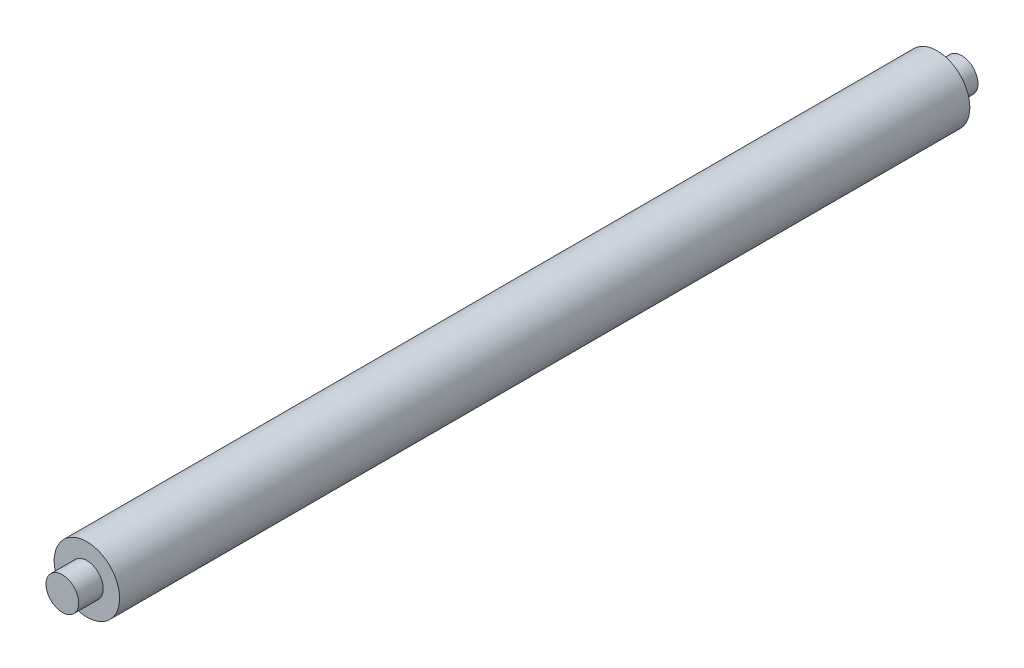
ISO-10303-21;
HEADER;
FILE_DESCRIPTION(('STEP AP214'),'2;1');
FILE_NAME('part.step','',(''),(''),'','','');
FILE_SCHEMA(('AUTOMOTIVE_DESIGN { 1 0 10303 214 1 1 1 1 }'));
ENDSEC;
DATA;
#1=APPLICATION_CONTEXT('core data for automotive mechanical design processes');
#2=APPLICATION_PROTOCOL_DEFINITION('international standard','automotive_design',2000,#1);
#3=PRODUCT_CONTEXT('',#1,'mechanical');
#4=PRODUCT('Part','Part','',(#3));
#5=PRODUCT_RELATED_PRODUCT_CATEGORY('part','',(#4));
#6=PRODUCT_DEFINITION_FORMATION('','',#4);
#7=PRODUCT_DEFINITION_CONTEXT('part definition',#1,'design');
#8=PRODUCT_DEFINITION('design','',#6,#7);
#9=PRODUCT_DEFINITION_SHAPE('','',#8);
#10=(LENGTH_UNIT() NAMED_UNIT(*) SI_UNIT(.MILLI.,.METRE.));
#11=(NAMED_UNIT(*) PLANE_ANGLE_UNIT() SI_UNIT($,.RADIAN.));
#12=(NAMED_UNIT(*) SI_UNIT($,.STERADIAN.) SOLID_ANGLE_UNIT());
#13=UNCERTAINTY_MEASURE_WITH_UNIT(LENGTH_MEASURE(1.E-05),#10,'distance_accuracy_value','');
#14=(GEOMETRIC_REPRESENTATION_CONTEXT(3) GLOBAL_UNCERTAINTY_ASSIGNED_CONTEXT((#13)) GLOBAL_UNIT_ASSIGNED_CONTEXT((#10,
#11,#12)) REPRESENTATION_CONTEXT('',''));
#15=CARTESIAN_POINT('',(0.,0.,0.));
#16=DIRECTION('',(0.,0.,1.));
#17=DIRECTION('',(1.,0.,0.));
#18=AXIS2_PLACEMENT_3D('',#15,#16,#17);
#19=CARTESIAN_POINT('',(1.22124532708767E-12,1.87350135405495E-13,330.2));
#20=DIRECTION('',(0.,0.,1.));
#21=DIRECTION('',(1.00000000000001,0.,0.));
#22=AXIS2_PLACEMENT_3D('',#19,#20,#21);
#23=PLANE('',#22);
#24=CARTESIAN_POINT('',(1.22124532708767E-12,1.87350135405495E-13,330.2));
#25=DIRECTION('',(0.,0.,1.));
#26=DIRECTION('',(1.00000000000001,0.,0.));
#27=AXIS2_PLACEMENT_3D('',#24,#25,#26);
#28=CIRCLE('',#27,25.4);
#29=CARTESIAN_POINT('',(25.4000000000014,1.88760118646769E-13,330.2));
#30=VERTEX_POINT('',#29);
#31=EDGE_CURVE('E10',#30,#30,#28,.T.);
#32=ORIENTED_EDGE('',*,*,#31,.T.);
#33=EDGE_LOOP('',(#32));
#34=FACE_BOUND('',#33,.T.);
#35=CARTESIAN_POINT('',(1.22124532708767E-12,1.87350135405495E-13,330.2));
#36=DIRECTION('',(0.,0.,1.));
#37=DIRECTION('',(1.00000000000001,0.,0.));
#38=AXIS2_PLACEMENT_3D('',#35,#36,#37);
#39=CIRCLE('',#38,12.7);
#40=CARTESIAN_POINT('',(-12.7000000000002,0.,330.2));
#41=VERTEX_POINT('',#40);
#42=EDGE_CURVE('E47',#41,#41,#39,.T.);
#43=ORIENTED_EDGE('',*,*,#42,.F.);
#44=EDGE_LOOP('',(#43));
#45=FACE_BOUND('',#44,.T.);
#46=ADVANCED_FACE('F32',(#34,#45),#23,.T.);
#47=CARTESIAN_POINT('',(1.22124532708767E-12,1.87350135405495E-13,330.2));
#48=DIRECTION('',(0.,0.,-1.));
#49=DIRECTION('',(-1.00000000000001,0.,0.));
#50=AXIS2_PLACEMENT_3D('',#47,#48,#49);
#51=CYLINDRICAL_SURFACE('',#50,25.4);
#52=ORIENTED_EDGE('',*,*,#31,.F.);
#53=EDGE_LOOP('',(#52));
#54=FACE_BOUND('',#53,.T.);
#55=CARTESIAN_POINT('',(-5.55111512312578E-13,0.,-330.2));
#56=DIRECTION('',(0.,0.,1.));
#57=DIRECTION('',(1.00000000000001,0.,0.));
#58=AXIS2_PLACEMENT_3D('',#55,#56,#57);
#59=CIRCLE('',#58,25.4);
#60=CARTESIAN_POINT('',(25.3999999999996,0.,-330.2));
#61=VERTEX_POINT('',#60);
#62=EDGE_CURVE('E39',#61,#61,#59,.T.);
#63=ORIENTED_EDGE('',*,*,#62,.T.);
#64=EDGE_LOOP('',(#63));
#65=FACE_BOUND('',#64,.T.);
#66=ADVANCED_FACE('F34',(#54,#65),#51,.T.);
#67=CARTESIAN_POINT('',(-5.55111512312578E-13,0.,-330.2));
#68=DIRECTION('',(0.,0.,1.));
#69=DIRECTION('',(1.00000000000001,0.,0.));
#70=AXIS2_PLACEMENT_3D('',#67,#68,#69);
#71=PLANE('',#70);
#72=CARTESIAN_POINT('',(-5.55111512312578E-13,0.,-330.2));
#73=DIRECTION('',(0.,0.,1.));
#74=DIRECTION('',(1.00000000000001,0.,0.));
#75=AXIS2_PLACEMENT_3D('',#72,#73,#74);
#76=CIRCLE('',#75,12.7);
#77=CARTESIAN_POINT('',(12.7000000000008,-1.5888956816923E-13,-330.2));
#78=VERTEX_POINT('',#77);
#79=EDGE_CURVE('E55',#78,#78,#76,.T.);
#80=ORIENTED_EDGE('',*,*,#79,.T.);
#81=EDGE_LOOP('',(#80));
#82=FACE_BOUND('',#81,.T.);
#83=ORIENTED_EDGE('',*,*,#62,.F.);
#84=EDGE_LOOP('',(#83));
#85=FACE_BOUND('',#84,.T.);
#86=ADVANCED_FACE('F59',(#82,#85),#71,.F.);
#87=CARTESIAN_POINT('',(-1.11022302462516E-13,0.,349.25));
#88=DIRECTION('',(0.,0.,-1.));
#89=DIRECTION('',(-1.00000000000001,0.,0.));
#90=AXIS2_PLACEMENT_3D('',#87,#88,#89);
#91=CYLINDRICAL_SURFACE('',#90,12.7);
#92=CARTESIAN_POINT('',(-1.11022302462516E-13,0.,349.25));
#93=DIRECTION('',(0.,0.,1.));
#94=DIRECTION('',(1.00000000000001,0.,0.));
#95=AXIS2_PLACEMENT_3D('',#92,#93,#94);
#96=CIRCLE('',#95,12.7);
#97=CARTESIAN_POINT('',(-12.7000000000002,0.,349.25));
#98=VERTEX_POINT('',#97);
#99=EDGE_CURVE('E43',#98,#98,#96,.T.);
#100=CARTESIAN_POINT('',(-12.7000000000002,0.,349.25));
#101=CARTESIAN_POINT('',(-12.7000000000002,0.,349.0515625));
#102=CARTESIAN_POINT('',(-12.7000000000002,0.,348.853125));
#103=CARTESIAN_POINT('',(-12.7000000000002,0.,348.45625));
#104=CARTESIAN_POINT('',(-12.7000000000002,0.,348.2578125));
#105=CARTESIAN_POINT('',(-12.7000000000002,0.,347.8609375));
#106=CARTESIAN_POINT('',(-12.7000000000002,0.,347.6625));
#107=CARTESIAN_POINT('',(-12.7000000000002,0.,347.265625));
#108=CARTESIAN_POINT('',(-12.7000000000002,0.,347.0671875));
#109=CARTESIAN_POINT('',(-12.7000000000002,0.,346.6703125));
#110=CARTESIAN_POINT('',(-12.7000000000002,0.,346.471875));
#111=CARTESIAN_POINT('',(-12.7000000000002,0.,346.075));
#112=CARTESIAN_POINT('',(-12.7000000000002,0.,345.8765625));
#113=CARTESIAN_POINT('',(-12.7000000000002,0.,345.4796875));
#114=CARTESIAN_POINT('',(-12.7000000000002,0.,345.28125));
#115=CARTESIAN_POINT('',(-12.7000000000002,0.,344.884375));
#116=CARTESIAN_POINT('',(-12.7000000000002,0.,344.6859375));
#117=CARTESIAN_POINT('',(-12.7000000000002,0.,344.2890625));
#118=CARTESIAN_POINT('',(-12.7000000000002,0.,344.090625));
#119=CARTESIAN_POINT('',(-12.7000000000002,0.,343.69375));
#120=CARTESIAN_POINT('',(-12.7000000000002,0.,343.4953125));
#121=CARTESIAN_POINT('',(-12.7000000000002,0.,343.0984375));
#122=CARTESIAN_POINT('',(-12.7000000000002,0.,342.9));
#123=CARTESIAN_POINT('',(-12.7000000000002,0.,342.503125));
#124=CARTESIAN_POINT('',(-12.7000000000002,0.,342.3046875));
#125=CARTESIAN_POINT('',(-12.7000000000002,0.,341.9078125));
#126=CARTESIAN_POINT('',(-12.7000000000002,0.,341.709375));
#127=CARTESIAN_POINT('',(-12.7000000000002,0.,341.3125));
#128=CARTESIAN_POINT('',(-12.7000000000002,0.,341.1140625));
#129=CARTESIAN_POINT('',(-12.7000000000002,0.,340.7171875));
#130=CARTESIAN_POINT('',(-12.7000000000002,0.,340.51875));
#131=CARTESIAN_POINT('',(-12.7000000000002,0.,340.121875));
#132=CARTESIAN_POINT('',(-12.7000000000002,0.,339.9234375));
#133=CARTESIAN_POINT('',(-12.7000000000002,0.,339.5265625));
#134=CARTESIAN_POINT('',(-12.7000000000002,0.,339.328125));
#135=CARTESIAN_POINT('',(-12.7000000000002,0.,338.93125));
#136=CARTESIAN_POINT('',(-12.7000000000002,0.,338.7328125));
#137=CARTESIAN_POINT('',(-12.7000000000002,0.,338.3359375));
#138=CARTESIAN_POINT('',(-12.7000000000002,0.,338.1375));
#139=CARTESIAN_POINT('',(-12.7000000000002,0.,337.740625));
#140=CARTESIAN_POINT('',(-12.7000000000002,0.,337.5421875));
#141=CARTESIAN_POINT('',(-12.7000000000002,0.,337.1453125));
#142=CARTESIAN_POINT('',(-12.7000000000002,0.,336.946875));
#143=CARTESIAN_POINT('',(-12.7000000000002,0.,336.55));
#144=CARTESIAN_POINT('',(-12.7000000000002,0.,336.3515625));
#145=CARTESIAN_POINT('',(-12.7000000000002,0.,335.9546875));
#146=CARTESIAN_POINT('',(-12.7000000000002,0.,335.75625));
#147=CARTESIAN_POINT('',(-12.7000000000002,0.,335.359375));
#148=CARTESIAN_POINT('',(-12.7000000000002,0.,335.1609375));
#149=CARTESIAN_POINT('',(-12.7000000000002,0.,334.7640625));
#150=CARTESIAN_POINT('',(-12.7000000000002,0.,334.565625));
#151=CARTESIAN_POINT('',(-12.7000000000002,0.,334.16875));
#152=CARTESIAN_POINT('',(-12.7000000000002,0.,333.9703125));
#153=CARTESIAN_POINT('',(-12.7000000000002,0.,333.5734375));
#154=CARTESIAN_POINT('',(-12.7000000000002,0.,333.375));
#155=CARTESIAN_POINT('',(-12.7000000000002,0.,332.978125));
#156=CARTESIAN_POINT('',(-12.7000000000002,0.,332.7796875));
#157=CARTESIAN_POINT('',(-12.7000000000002,0.,332.3828125));
#158=CARTESIAN_POINT('',(-12.7000000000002,0.,332.184375));
#159=CARTESIAN_POINT('',(-12.7000000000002,0.,331.7875));
#160=CARTESIAN_POINT('',(-12.7000000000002,0.,331.5890625));
#161=CARTESIAN_POINT('',(-12.7000000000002,0.,331.1921875));
#162=CARTESIAN_POINT('',(-12.7000000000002,0.,330.99375));
#163=CARTESIAN_POINT('',(-12.7000000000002,0.,330.596875));
#164=CARTESIAN_POINT('',(-12.7000000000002,0.,330.3984375));
#165=CARTESIAN_POINT('',(-12.7000000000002,0.,330.2));
#166=B_SPLINE_CURVE_WITH_KNOTS('',3,(#100,#101,#102,#103,#104,#105,#106,#107,#108,#109,#110,
#111,#112,#113,#114,#115,#116,#117,#118,#119,#120,#121,#122,#123,#124,#125,#126,#127,#128,#129,
#130,#131,#132,#133,#134,#135,#136,#137,#138,#139,#140,#141,#142,#143,#144,#145,#146,#147,#148,
#149,#150,#151,#152,#153,#154,#155,#156,#157,#158,#159,#160,#161,#162,#163,#164,#165),
.UNSPECIFIED.,.F.,.F.,(4,2,2,2,2,2,2,2,2,2,2,2,2,2,2,2,2,2,2,2,2,2,2,2,2,2,2,2,2,2,2,2,4),(0.,
0.595312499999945,1.19062499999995,1.78593749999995,2.38124999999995,2.97656249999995,
3.57187499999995,4.16718749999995,4.76249999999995,5.35781249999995,5.95312499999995,
6.54843749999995,7.14374999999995,7.73906249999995,8.33437499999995,8.92968749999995,
9.52499999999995,10.1203125,10.715625,11.3109375,11.90625,12.5015625,13.096875,13.6921875,
14.2875,14.8828125,15.478125,16.0734375,16.66875,17.2640625,17.859375,18.4546875,19.05),.UNSPECIFIED.);
#167=EDGE_CURVE('BSEAM74',#98,#41,#166,.T.);
#168=ORIENTED_EDGE('',*,*,#99,.F.);
#169=ORIENTED_EDGE('',*,*,#42,.T.);
#170=ORIENTED_EDGE('',*,*,#167,.T.);
#171=ORIENTED_EDGE('',*,*,#167,.F.);
#172=EDGE_LOOP('',(#168,#170,#169,#171));
#173=FACE_BOUND('',#172,.T.);
#174=ADVANCED_FACE('F74',(#173),#91,.T.);
#175=CARTESIAN_POINT('',(-1.11022302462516E-13,0.,349.25));
#176=DIRECTION('',(0.,0.,1.));
#177=DIRECTION('',(1.00000000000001,0.,0.));
#178=AXIS2_PLACEMENT_3D('',#175,#176,#177);
#179=PLANE('',#178);
#180=ORIENTED_EDGE('',*,*,#99,.T.);
#181=EDGE_LOOP('',(#180));
#182=FACE_BOUND('',#181,.T.);
#183=ADVANCED_FACE('F65',(#182),#179,.T.);
#184=CARTESIAN_POINT('',(6.66133814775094E-13,-1.59594559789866E-13,-349.25));
#185=DIRECTION('',(0.,0.,1.));
#186=DIRECTION('',(1.00000000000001,0.,0.));
#187=AXIS2_PLACEMENT_3D('',#184,#185,#186);
#188=CYLINDRICAL_SURFACE('',#187,12.7);
#189=CARTESIAN_POINT('',(6.66133814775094E-13,-1.59594559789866E-13,-349.25));
#190=DIRECTION('',(0.,0.,1.));
#191=DIRECTION('',(1.00000000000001,0.,0.));
#192=AXIS2_PLACEMENT_3D('',#189,#190,#191);
#193=CIRCLE('',#192,12.7);
#194=CARTESIAN_POINT('',(12.7000000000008,-1.58889568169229E-13,-349.25));
#195=VERTEX_POINT('',#194);
#196=EDGE_CURVE('E52',#195,#195,#193,.T.);
#197=CARTESIAN_POINT('',(12.7000000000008,-1.58889568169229E-13,-349.25));
#198=CARTESIAN_POINT('',(12.7000000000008,-1.58889568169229E-13,-349.0515625));
#199=CARTESIAN_POINT('',(12.7000000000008,-1.58889568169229E-13,-348.853125));
#200=CARTESIAN_POINT('',(12.7000000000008,-1.58889568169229E-13,-348.45625));
#201=CARTESIAN_POINT('',(12.7000000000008,-1.58889568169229E-13,-348.2578125));
#202=CARTESIAN_POINT('',(12.7000000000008,-1.58889568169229E-13,-347.8609375));
#203=CARTESIAN_POINT('',(12.7000000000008,-1.58889568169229E-13,-347.6625));
#204=CARTESIAN_POINT('',(12.7000000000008,-1.58889568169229E-13,-347.265625));
#205=CARTESIAN_POINT('',(12.7000000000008,-1.58889568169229E-13,-347.0671875));
#206=CARTESIAN_POINT('',(12.7000000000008,-1.58889568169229E-13,-346.6703125));
#207=CARTESIAN_POINT('',(12.7000000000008,-1.58889568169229E-13,-346.471875));
#208=CARTESIAN_POINT('',(12.7000000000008,-1.58889568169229E-13,-346.075));
#209=CARTESIAN_POINT('',(12.7000000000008,-1.58889568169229E-13,-345.8765625));
#210=CARTESIAN_POINT('',(12.7000000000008,-1.58889568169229E-13,-345.4796875));
#211=CARTESIAN_POINT('',(12.7000000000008,-1.58889568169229E-13,-345.28125));
#212=CARTESIAN_POINT('',(12.7000000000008,-1.58889568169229E-13,-344.884375));
#213=CARTESIAN_POINT('',(12.7000000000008,-1.58889568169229E-13,-344.6859375));
#214=CARTESIAN_POINT('',(12.7000000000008,-1.58889568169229E-13,-344.2890625));
#215=CARTESIAN_POINT('',(12.7000000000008,-1.58889568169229E-13,-344.090625));
#216=CARTESIAN_POINT('',(12.7000000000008,-1.58889568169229E-13,-343.69375));
#217=CARTESIAN_POINT('',(12.7000000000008,-1.58889568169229E-13,-343.4953125));
#218=CARTESIAN_POINT('',(12.7000000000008,-1.58889568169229E-13,-343.0984375));
#219=CARTESIAN_POINT('',(12.7000000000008,-1.58889568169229E-13,-342.9));
#220=CARTESIAN_POINT('',(12.7000000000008,-1.58889568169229E-13,-342.503125));
#221=CARTESIAN_POINT('',(12.7000000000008,-1.58889568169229E-13,-342.3046875));
#222=CARTESIAN_POINT('',(12.7000000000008,-1.58889568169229E-13,-341.9078125));
#223=CARTESIAN_POINT('',(12.7000000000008,-1.58889568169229E-13,-341.709375));
#224=CARTESIAN_POINT('',(12.7000000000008,-1.58889568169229E-13,-341.3125));
#225=CARTESIAN_POINT('',(12.7000000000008,-1.58889568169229E-13,-341.1140625));
#226=CARTESIAN_POINT('',(12.7000000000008,-1.58889568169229E-13,-340.7171875));
#227=CARTESIAN_POINT('',(12.7000000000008,-1.5888956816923E-13,-340.51875));
#228=CARTESIAN_POINT('',(12.7000000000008,-1.5888956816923E-13,-340.121875));
#229=CARTESIAN_POINT('',(12.7000000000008,-1.5888956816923E-13,-339.9234375));
#230=CARTESIAN_POINT('',(12.7000000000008,-1.5888956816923E-13,-339.5265625));
#231=CARTESIAN_POINT('',(12.7000000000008,-1.5888956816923E-13,-339.328125));
#232=CARTESIAN_POINT('',(12.7000000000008,-1.5888956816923E-13,-338.93125));
#233=CARTESIAN_POINT('',(12.7000000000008,-1.5888956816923E-13,-338.7328125));
#234=CARTESIAN_POINT('',(12.7000000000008,-1.5888956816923E-13,-338.3359375));
#235=CARTESIAN_POINT('',(12.7000000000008,-1.5888956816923E-13,-338.1375));
#236=CARTESIAN_POINT('',(12.7000000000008,-1.5888956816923E-13,-337.740625));
#237=CARTESIAN_POINT('',(12.7000000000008,-1.5888956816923E-13,-337.5421875));
#238=CARTESIAN_POINT('',(12.7000000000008,-1.5888956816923E-13,-337.1453125));
#239=CARTESIAN_POINT('',(12.7000000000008,-1.5888956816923E-13,-336.946875));
#240=CARTESIAN_POINT('',(12.7000000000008,-1.5888956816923E-13,-336.55));
#241=CARTESIAN_POINT('',(12.7000000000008,-1.5888956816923E-13,-336.3515625));
#242=CARTESIAN_POINT('',(12.7000000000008,-1.5888956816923E-13,-335.9546875));
#243=CARTESIAN_POINT('',(12.7000000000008,-1.5888956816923E-13,-335.75625));
#244=CARTESIAN_POINT('',(12.7000000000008,-1.5888956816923E-13,-335.359375));
#245=CARTESIAN_POINT('',(12.7000000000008,-1.5888956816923E-13,-335.1609375));
#246=CARTESIAN_POINT('',(12.7000000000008,-1.5888956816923E-13,-334.7640625));
#247=CARTESIAN_POINT('',(12.7000000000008,-1.5888956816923E-13,-334.565625));
#248=CARTESIAN_POINT('',(12.7000000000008,-1.5888956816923E-13,-334.16875));
#249=CARTESIAN_POINT('',(12.7000000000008,-1.5888956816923E-13,-333.9703125));
#250=CARTESIAN_POINT('',(12.7000000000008,-1.5888956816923E-13,-333.5734375));
#251=CARTESIAN_POINT('',(12.7000000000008,-1.5888956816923E-13,-333.375));
#252=CARTESIAN_POINT('',(12.7000000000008,-1.5888956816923E-13,-332.978125));
#253=CARTESIAN_POINT('',(12.7000000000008,-1.5888956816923E-13,-332.7796875));
#254=CARTESIAN_POINT('',(12.7000000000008,-1.5888956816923E-13,-332.3828125));
#255=CARTESIAN_POINT('',(12.7000000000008,-1.5888956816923E-13,-332.184375));
#256=CARTESIAN_POINT('',(12.7000000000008,-1.5888956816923E-13,-331.7875));
#257=CARTESIAN_POINT('',(12.7000000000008,-1.5888956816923E-13,-331.5890625));
#258=CARTESIAN_POINT('',(12.7000000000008,-1.5888956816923E-13,-331.1921875));
#259=CARTESIAN_POINT('',(12.7000000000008,-1.5888956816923E-13,-330.99375));
#260=CARTESIAN_POINT('',(12.7000000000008,-1.5888956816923E-13,-330.596875));
#261=CARTESIAN_POINT('',(12.7000000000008,-1.5888956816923E-13,-330.3984375));
#262=CARTESIAN_POINT('',(12.7000000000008,-1.5888956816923E-13,-330.2));
#263=B_SPLINE_CURVE_WITH_KNOTS('',3,(#197,#198,#199,#200,#201,#202,#203,#204,#205,#206,#207,
#208,#209,#210,#211,#212,#213,#214,#215,#216,#217,#218,#219,#220,#221,#222,#223,#224,#225,#226,
#227,#228,#229,#230,#231,#232,#233,#234,#235,#236,#237,#238,#239,#240,#241,#242,#243,#244,#245,
#246,#247,#248,#249,#250,#251,#252,#253,#254,#255,#256,#257,#258,#259,#260,#261,#262),
.UNSPECIFIED.,.F.,.F.,(4,2,2,2,2,2,2,2,2,2,2,2,2,2,2,2,2,2,2,2,2,2,2,2,2,2,2,2,2,2,2,2,4),(0.,
0.595312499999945,1.19062499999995,1.78593749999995,2.38124999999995,2.97656249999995,
3.57187499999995,4.16718749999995,4.76249999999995,5.35781249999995,5.95312499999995,
6.54843749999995,7.14374999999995,7.73906249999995,8.33437499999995,8.92968749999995,
9.52499999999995,10.1203125,10.715625,11.3109375,11.90625,12.5015625,13.096875,13.6921875,
14.2875,14.8828125,15.478125,16.0734375,16.66875,17.2640625,17.859375,18.4546875,19.05),.UNSPECIFIED.);
#264=EDGE_CURVE('BSEAM62',#195,#78,#263,.T.);
#265=ORIENTED_EDGE('',*,*,#196,.T.);
#266=ORIENTED_EDGE('',*,*,#79,.F.);
#267=ORIENTED_EDGE('',*,*,#264,.T.);
#268=ORIENTED_EDGE('',*,*,#264,.F.);
#269=EDGE_LOOP('',(#265,#267,#266,#268));
#270=FACE_BOUND('',#269,.T.);
#271=ADVANCED_FACE('F62',(#270),#188,.T.);
#272=CARTESIAN_POINT('',(6.66133814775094E-13,-1.59594559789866E-13,-349.25));
#273=DIRECTION('',(0.,0.,1.));
#274=DIRECTION('',(1.00000000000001,0.,0.));
#275=AXIS2_PLACEMENT_3D('',#272,#273,#274);
#276=PLANE('',#275);
#277=ORIENTED_EDGE('',*,*,#196,.F.);
#278=EDGE_LOOP('',(#277));
#279=FACE_BOUND('',#278,.T.);
#280=ADVANCED_FACE('F64',(#279),#276,.F.);
#281=CLOSED_SHELL('',(#46,#66,#86,#174,#183,#271,#280));
#282=MANIFOLD_SOLID_BREP('B2',#281);
#283=ADVANCED_BREP_SHAPE_REPRESENTATION('',(#18,#282),#14);
#284=SHAPE_DEFINITION_REPRESENTATION(#9,#283);
ENDSEC;
END-ISO-10303-21;

__________

» WHAT THE TASK ASKS: Only the lines above from the one with "#162=CARTESIAN_POINT('',(-12.7000000000002,0.,330.99375));" up to and including the one with "#165=CARTESIAN_POINT('',(-12.7000000000002,0.,330.2));" should be repeated, exactly as written.

» RESPONSE BELOW:
#162=CARTESIAN_POINT('',(-12.7000000000002,0.,330.99375));
#163=CARTESIAN_POINT('',(-12.7000000000002,0.,330.596875));
#164=CARTESIAN_POINT('',(-12.7000000000002,0.,330.3984375));
#165=CARTESIAN_POINT('',(-12.7000000000002,0.,330.2));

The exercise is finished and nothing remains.